В полдень они отправились на обед. В столовой было шумно: многие пациентки звали на помощь или просто визжали без слов. Отец задрожал и задергался в инвалидном кресле, — должно быть, сказалась его рыцарственная натура. Мужские крики так на него не действовали.
После обеда вернулись в палату. У Коннелла быстро закончились темы для разговора. Он рассказал о том, какой у «Метсов» случился срыв на последней неделе сезона — пять проигрышей подряд, а «Янкиз» опять победили в Мировой серии, выиграв перед этим почти все матчи сезона. Рассказал про учебу и как проходит его последний год в колледже. Кто знает, понял отец хоть что-нибудь или нет. Вместе с мамой было легче — она разговаривала так, словно он в любую минуту может ответить. Рассказывая, например, о каких-нибудь неполадках в доме, добавляла: «Ты всегда нас предупреждал, что не надо так делать» или «Ты же и сам знаешь, правда?». А у Коннелла такие риторические реплики не шли с языка.

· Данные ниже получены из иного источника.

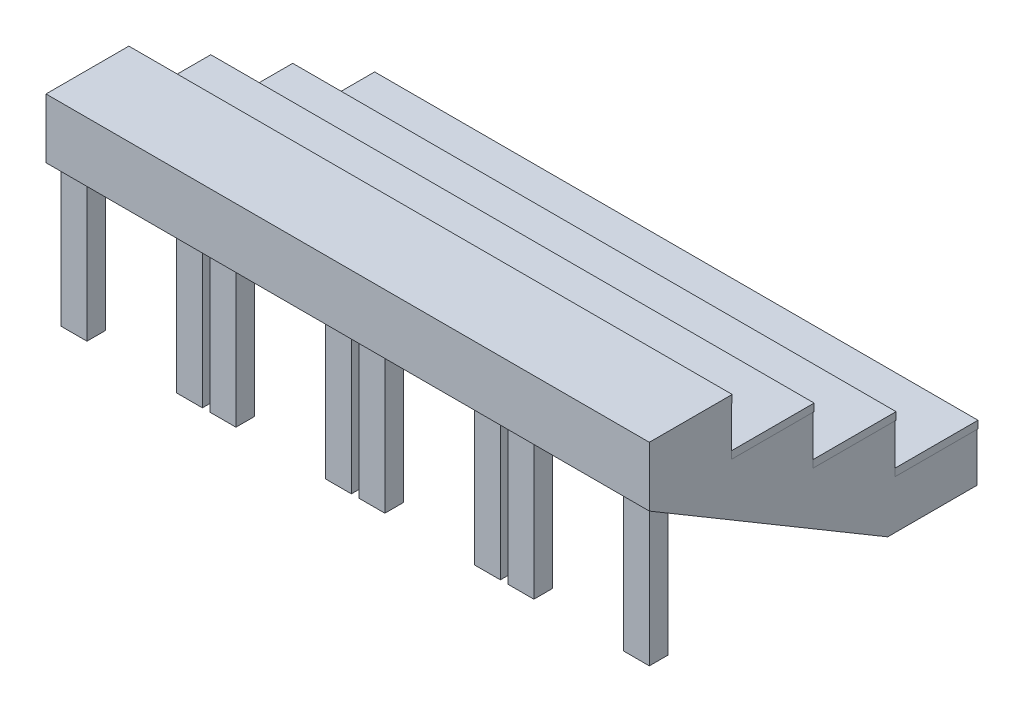
SolidWorks part; units mm, degrees
material "Cedar"
ref_plane "Front" through (0, 0, 0) normal (0, 0, 1) x (1, 0, 0)
ref_plane "Top" through (0, 0, 0) normal (0, 1, 0) x (1, 0, 0)
ref_plane "Right" through (0, 0, 0) normal (1, 0, 0) x (0, 0, -1)
sketch "Sketch1" plane through (0, 0, 0) normal (1, 0, 0) x (0, 0, -1)
  line L0 (0, 0) -> (0, 165.1)
  line L1 (0, 165.1) -> (-279.4, 165.1)
  line L2 (-279.4, 165.1) -> (-279.4, 330.2)
  line L3 (-279.4, 330.2) -> (-558.8, 330.2)
  line L4 (-558.8, 330.2) -> (-558.8, 495.3)
  line L5 (-558.8, 495.3) -> (-838.2, 495.3)
  line L6 (-838.2, 495.3) -> (-838.2, 660.4)
  line L7 (-838.2, 660.4) -> (-1117.6, 660.4)
  line L8 (-1117.6, 660.4) -> (-1117.6, 482.6)
  line L9 (-1117.6, 482.6) -> (-304.8, 0)
  line L10 (-304.8, 0) -> (0, 0)
  dimension "D1" = 165.1
  dimension "D2" = 279.4
  dimension "D3" = 304.8
  dimension "D4" = 177.8
extrude "Boss-Extrude1" add sketch "Sketch1" along normal blind 25.4
pattern_linear "LPattern1" count 5 spacing 508 along (1, 0, 0) of bodies 179
sketch "Sketch2" plane through (2057.4, 0, 0) normal (1, 0, 0) x (0, 0, -1)
  line L1 (-279.4, 165.1) -> (3.175, 165.1)
  line L2 (-279.4, 165.1) -> (-279.4, 190.5)
  line L3 (-279.4, 190.5) -> (3.175, 190.5)
  line L4 (3.175, 165.1) -> (3.175, 190.5)
  line L5 (-558.8, 330.2) -> (-276.225, 330.2)
  line L6 (-558.8, 330.2) -> (-558.8, 355.6)
  line L7 (-558.8, 355.6) -> (-276.225, 355.6)
  line L8 (-276.225, 330.2) -> (-276.225, 355.6)
  line L9 (-838.2, 495.3) -> (-555.625, 495.3)
  line L10 (-838.2, 495.3) -> (-838.2, 520.7)
  line L11 (-838.2, 520.7) -> (-555.625, 520.7)
  line L12 (-555.625, 495.3) -> (-555.625, 520.7)
  line L13 (-1117.6, 660.4) -> (-835.025, 660.4)
  line L14 (-1117.6, 660.4) -> (-1117.6, 685.8)
  line L15 (-1117.6, 685.8) -> (-835.025, 685.8)
  line L16 (-835.025, 660.4) -> (-835.025, 685.8)
  dimension "D1" = 282.575
  dimension "D2" = 25.4
extrude "Boss-Extrude2" add sketch "Sketch2" against normal up to surface (2057.4 mm away) separate body up to face at (0, 344.0545, 535.7091)
sketch "Sketch3" plane through (25.4, 0, 0) normal (1, 0, 0) x (0, 0, -1)
  line L1 (-1117.6, 660.4) -> (-1092.2, 660.4)
  line L2 (-1117.6, 660.4) -> (-1117.6, 482.6)
  line L3 (-1117.6, 482.6) -> (-1092.2, 482.6)
  line L4 (-1092.2, 660.4) -> (-1092.2, 482.6)
  dimension "D1" = 177.8
  dimension "D2" = 25.4
extrude "Boss-Extrude3" add sketch "Sketch3" along normal up to surface (2006.6 mm away)
sketch "Sketch5" plane through (0, 660.4, 0) normal (0, -1, 0) x (1, 0, 0)
  line L1 (25.4, 1092.2) -> (114.3, 1092.2)
  line L2 (25.4, 1092.2) -> (25.4, 1028.7)
  line L3 (25.4, 1028.7) -> (114.3, 1028.7)
  line L4 (114.3, 1092.2) -> (114.3, 1028.7)
  line L5 (508, 1092.2) -> (419.1, 1092.2)
  line L6 (508, 1092.2) -> (508, 1028.7)
  line L7 (508, 1028.7) -> (419.1, 1028.7)
  line L8 (419.1, 1092.2) -> (419.1, 1028.7)
  dimension "D1" = 88.9
  dimension "D2" = 63.5
  dimension "D3" = 88.9
  dimension "D4" = 63.5
extrude "Boss-Extrude4" add sketch "Sketch5" along normal up to surface (660.4 mm away) separate body up to face at (12.7, 0, 152.4)
pattern_linear "LPattern2" count 4 spacing 508 along (1, 0, 0) of bodies 189 190

Он ни на секунду не мог забыть, что отец не ответит, и потому казалось неуважительным строить фразы в форме вопросов. В результате Коннелл просто сидел молча или включал музыку.
В палате было тихо. Спокойно так. На половине мистера Хаггинза небольшое пианино служило подставкой для горшка с цветами и пары фотографий в рамках. Коннелл ни разу не видел, чтобы мистер Хаггинз на этом инструменте играл, хотя мистер Хаггинз и вообще почти не сидел в палате. Он бродил по коридорам, толкая свои ходунки, словно нарочно старался измотать себя.